As we all know, in view of the characteristics of industrial control security defense, the accuracy and speed of the selection strategy are particularly critical, which requires that the selected evolutionary algorithm not only solve the problem of convergence accuracy but also solve the problem of convergence speed, and consider the impact of population size. However, the previous evolutionary algorithms seem to focus on solving one of the problems, and they do not consider the effect of population size, because their tests are all carried out under the premise that the population size remains unchanged [7], while RODE considers the effect of population size. At the same time, reinforcement learning and opposition-based learning are also used to solve the problems of convergence speed and convergence accuracy, respectively. Furthermore, we verify the effectiveness of RODE at different population sizes through the above two sets of experiments.

Last but not least, in the second experiment, comparing RLDE and RODE in Figure 10, that is, when the population is 200, the performance of RODE and RLDE is almost the same, indicating that RODE has played a role in reinforcement learning. Comparing RLDE and RODE in Figure 11, that is, when the population is 10, the effect of RODE is much higher than that of RODE, because RODE has the effect of opposition-based learning at this time. So, we have reason to believe that RODE greatly improves the performance of the DE algorithm, and our method also provides a good idea for improving other evolutionary algorithms.

7. Conclusions

The scientific deployment of security strategies is the key to reducing the risk of ICS being attacked. In this paper, a differential evolution algorithm based on reinforcement learning and opposition-based learning is proposed to obtain the optimal security strategy by combining fitness functions. First, a Bayesian attack graph is used to model the potential attack paths of the industrial control system. Then, we calculate the attack benefit of each node and the cost of implementing the security strategy, and we build a fitness function based on the attack benefit and security cost. The fitness function can effectively evaluate the value of the selected solution. Finally, the RODE algorithm is used to select the security strategy scheme.

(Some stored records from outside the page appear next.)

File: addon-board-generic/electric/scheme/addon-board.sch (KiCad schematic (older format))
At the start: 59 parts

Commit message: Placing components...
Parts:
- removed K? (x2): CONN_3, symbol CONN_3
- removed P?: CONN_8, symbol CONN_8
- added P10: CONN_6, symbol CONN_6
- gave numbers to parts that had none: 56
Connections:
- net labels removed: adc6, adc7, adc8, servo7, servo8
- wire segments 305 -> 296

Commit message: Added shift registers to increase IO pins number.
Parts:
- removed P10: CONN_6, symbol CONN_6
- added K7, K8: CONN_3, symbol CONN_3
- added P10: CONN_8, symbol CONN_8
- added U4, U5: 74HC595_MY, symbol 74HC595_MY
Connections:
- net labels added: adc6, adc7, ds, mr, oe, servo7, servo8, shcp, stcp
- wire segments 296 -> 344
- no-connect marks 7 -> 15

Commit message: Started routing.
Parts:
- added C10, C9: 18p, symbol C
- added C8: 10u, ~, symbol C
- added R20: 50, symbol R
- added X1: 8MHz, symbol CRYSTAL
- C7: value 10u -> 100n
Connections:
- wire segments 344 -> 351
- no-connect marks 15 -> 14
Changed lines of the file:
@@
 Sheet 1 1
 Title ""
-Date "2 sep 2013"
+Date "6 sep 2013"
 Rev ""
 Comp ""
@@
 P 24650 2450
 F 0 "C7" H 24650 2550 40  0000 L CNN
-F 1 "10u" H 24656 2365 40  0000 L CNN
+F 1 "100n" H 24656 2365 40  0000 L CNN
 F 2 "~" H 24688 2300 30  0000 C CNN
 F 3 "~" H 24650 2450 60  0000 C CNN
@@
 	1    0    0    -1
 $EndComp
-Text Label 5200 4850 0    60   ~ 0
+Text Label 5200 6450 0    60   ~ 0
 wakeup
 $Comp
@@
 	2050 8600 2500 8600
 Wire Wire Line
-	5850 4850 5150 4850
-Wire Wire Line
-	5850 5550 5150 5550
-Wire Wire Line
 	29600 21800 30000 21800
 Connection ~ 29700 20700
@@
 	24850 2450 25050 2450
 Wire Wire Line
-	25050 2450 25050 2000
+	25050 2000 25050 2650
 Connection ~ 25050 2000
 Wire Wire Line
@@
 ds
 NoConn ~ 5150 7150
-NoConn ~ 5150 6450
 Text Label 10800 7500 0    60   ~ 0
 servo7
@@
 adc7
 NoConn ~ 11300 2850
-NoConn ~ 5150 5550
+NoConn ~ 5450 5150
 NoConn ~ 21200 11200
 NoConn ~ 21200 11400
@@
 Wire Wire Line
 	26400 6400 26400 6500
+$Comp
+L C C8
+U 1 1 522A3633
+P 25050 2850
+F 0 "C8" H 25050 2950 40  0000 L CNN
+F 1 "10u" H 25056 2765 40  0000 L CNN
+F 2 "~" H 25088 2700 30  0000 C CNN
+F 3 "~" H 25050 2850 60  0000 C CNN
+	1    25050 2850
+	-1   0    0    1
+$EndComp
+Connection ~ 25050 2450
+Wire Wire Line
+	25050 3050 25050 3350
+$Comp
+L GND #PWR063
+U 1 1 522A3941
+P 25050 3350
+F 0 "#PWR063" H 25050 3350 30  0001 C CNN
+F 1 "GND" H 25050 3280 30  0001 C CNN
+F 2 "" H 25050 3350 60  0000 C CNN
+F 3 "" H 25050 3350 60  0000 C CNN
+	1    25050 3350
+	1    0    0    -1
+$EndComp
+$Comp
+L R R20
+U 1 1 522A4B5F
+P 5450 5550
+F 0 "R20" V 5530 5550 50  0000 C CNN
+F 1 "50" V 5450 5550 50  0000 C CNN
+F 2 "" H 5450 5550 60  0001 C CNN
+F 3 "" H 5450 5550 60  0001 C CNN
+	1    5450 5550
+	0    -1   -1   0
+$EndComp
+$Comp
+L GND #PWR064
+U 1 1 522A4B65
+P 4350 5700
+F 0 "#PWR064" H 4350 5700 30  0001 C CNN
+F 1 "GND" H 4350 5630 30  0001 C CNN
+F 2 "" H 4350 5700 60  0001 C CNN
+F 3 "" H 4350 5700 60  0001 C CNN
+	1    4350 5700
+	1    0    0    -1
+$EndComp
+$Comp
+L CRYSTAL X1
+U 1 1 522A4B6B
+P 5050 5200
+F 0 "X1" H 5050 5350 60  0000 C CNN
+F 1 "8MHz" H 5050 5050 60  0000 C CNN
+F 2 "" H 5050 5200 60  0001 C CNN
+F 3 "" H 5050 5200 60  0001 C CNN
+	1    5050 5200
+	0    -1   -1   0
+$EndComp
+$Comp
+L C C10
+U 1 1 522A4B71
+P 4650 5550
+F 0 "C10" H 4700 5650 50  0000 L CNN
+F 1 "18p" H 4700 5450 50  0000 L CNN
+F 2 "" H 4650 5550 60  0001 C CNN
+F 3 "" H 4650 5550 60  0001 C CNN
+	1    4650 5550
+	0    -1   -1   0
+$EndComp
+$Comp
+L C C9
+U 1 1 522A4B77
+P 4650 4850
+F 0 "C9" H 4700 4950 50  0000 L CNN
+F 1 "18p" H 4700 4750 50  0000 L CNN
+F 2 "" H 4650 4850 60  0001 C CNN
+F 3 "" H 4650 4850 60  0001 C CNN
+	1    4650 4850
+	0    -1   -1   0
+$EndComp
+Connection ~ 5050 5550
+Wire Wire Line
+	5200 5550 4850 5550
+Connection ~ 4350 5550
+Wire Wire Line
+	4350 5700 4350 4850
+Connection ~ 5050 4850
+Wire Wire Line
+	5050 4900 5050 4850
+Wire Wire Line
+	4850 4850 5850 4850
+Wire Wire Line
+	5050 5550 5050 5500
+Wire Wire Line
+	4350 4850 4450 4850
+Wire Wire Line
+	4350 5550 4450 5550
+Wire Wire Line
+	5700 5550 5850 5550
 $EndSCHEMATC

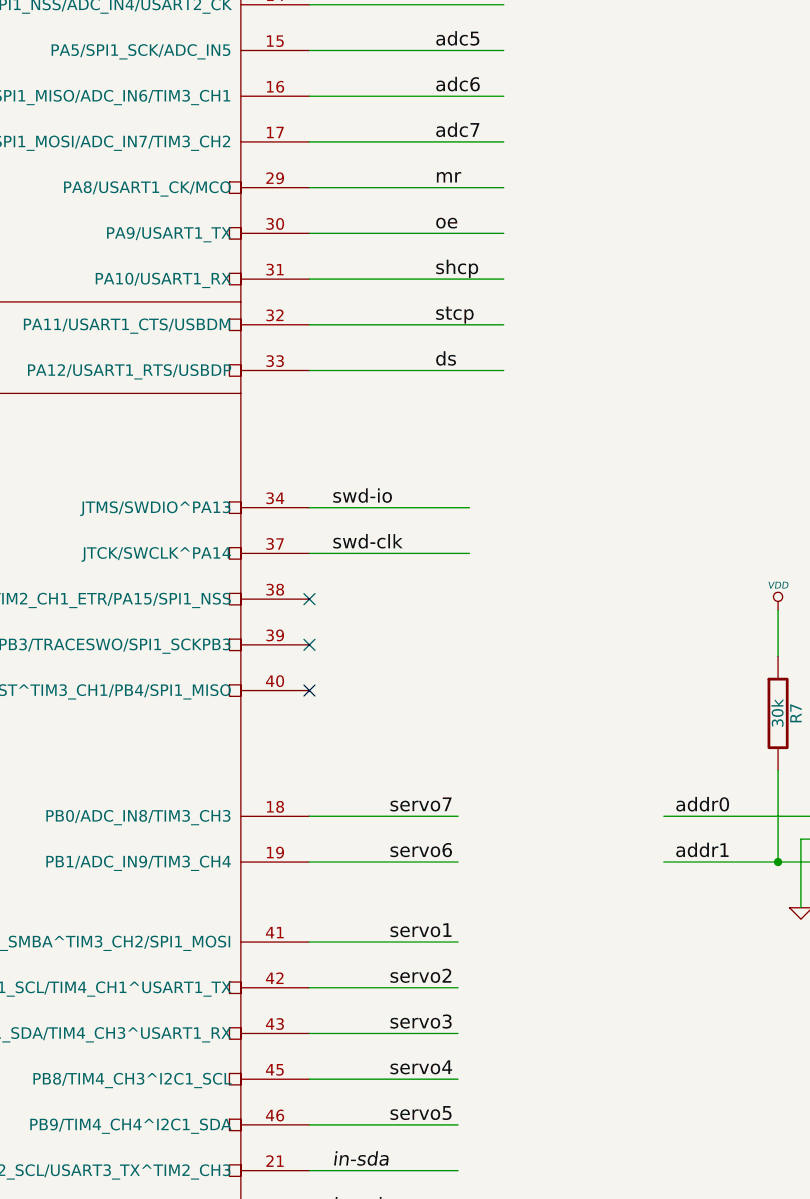
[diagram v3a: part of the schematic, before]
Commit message: Finished routing. Holes for supports and cross board socket matches should be checked!
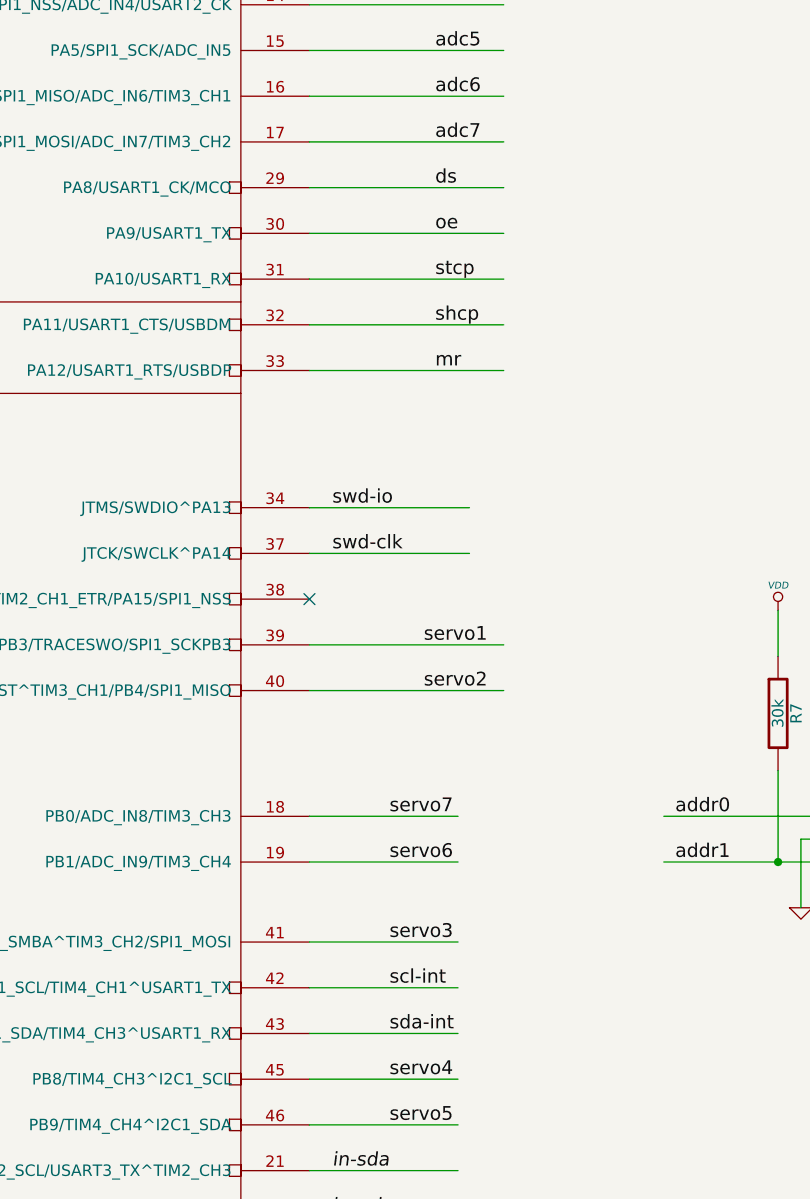
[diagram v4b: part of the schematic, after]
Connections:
- wire segments 351 -> 353
- no-connect marks 14 -> 12
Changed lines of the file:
@@
 Sheet 1 1
 Title ""
-Date "6 sep 2013"
+Date "7 sep 2013"
 Rev ""
 Comp ""
@@
 	0    1    1    0
 $EndComp
-NoConn ~ 10450 6950
-NoConn ~ 10450 6750
 $Comp
 L GND #PWR019
@@
 Text Label 21750 2800 0    60   ~ 0
 servo-en
+Text Label 10950 6750 0    60   ~ 0
+servo1
+Text Label 10950 6950 0    60   ~ 0
+servo2
 Text Label 10800 8050 0    60   ~ 0
-servo1
-Text Label 10800 8250 0    60   ~ 0
-servo2
-Text Label 10800 8450 0    60   ~ 0
 servo3
 Text Label 10800 8650 0    60   ~ 0
@@
 Text Label 20950 11000 0    60   ~ 0
 servo-en
-Text Label 11000 4750 0    60   ~ 0
+Text Label 11000 5550 0    60   ~ 0
 mr
 Text Label 11000 4950 0    60   ~ 0
 oe
+Text Label 11000 5350 0    60   ~ 0
+shcp
 Text Label 11000 5150 0    60   ~ 0
-shcp
-Text Label 11000 5350 0    60   ~ 0
 stcp
 Text Label 15800 11600 0    60   ~ 0
 ds
-Text Label 11000 5550 0    60   ~ 0
+Text Label 11000 4750 0    60   ~ 0
 ds
 NoConn ~ 5150 7150
@@
 Wire Wire Line
 	5700 5550 5850 5550
+Text Label 10800 8450 0    60   ~ 0
+sda-int
+Text Label 10800 8250 0    60   ~ 0
+scl-int
+Wire Wire Line
+	10450 6750 11300 6750
+Wire Wire Line
+	10450 6950 11300 6950
 $EndSCHEMATC

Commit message: Raplaced power mosfets with sot23 transistors because of their max current and very low resistance.
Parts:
- Q2, Q5, Q6: value MOS_P -> IRLML2244
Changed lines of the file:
@@
 Sheet 1 1
 Title ""
-Date "7 sep 2013"
+Date "10 sep 2013"
 Rev ""
 Comp ""
@@
 P 27900 17600
 F 0 "Q5" H 27900 17790 60  0000 R CNN
-F 1 "MOS_P" H 27900 17420 60  0000 R CNN
+F 1 "IRLML2244" H 27900 17420 60  0000 R CNN
 F 2 "" H 27900 17600 60  0001 C CNN
 F 3 "" H 27900 17600 60  0001 C CNN
@@
 P 27900 20300
 F 0 "Q6" H 27900 20490 60  0000 R CNN
-F 1 "MOS_P" H 27900 20120 60  0000 R CNN
+F 1 "IRLML2244" H 27900 20120 60  0000 R CNN
 F 2 "" H 27900 20300 60  0001 C CNN
 F 3 "" H 27900 20300 60  0001 C CNN
@@
 P 24100 2100
 F 0 "Q2" H 24100 2290 60  0000 R CNN
-F 1 "MOS_P" H 24100 1920 60  0000 R CNN
+F 1 "IRLML2244" H 24100 1920 60  0000 R CNN
 F 2 "~" H 24100 2100 60  0000 C CNN
 F 3 "~" H 24100 2100 60  0000 C CNN

The RODE algorithm is suitable for populations of various sizes. When the population size is large enough, the reinforcement learning in RODE can speed up the convergence rate; when the population size is relatively small, the opposition-based learning in RODE can increase the diversity of the population, thereby improving the ability to jump out of the local optimal solution and avoid the situation of premature convergence. A simplified water distribution system is used to validate the RODE algorithm. The experimental results show that the algorithm has better robustness than other algorithms of the same type, and it can find the optimal security strategy accurately and quickly. At present, our research is suitable for policy construction before the attack to minimize the loss of the attack, but it still has great shortcomings in dealing with the dynamic attack problem. To this end, in the future, we work on combining the RODE algorithm with policy selection in the face of dynamic attacks.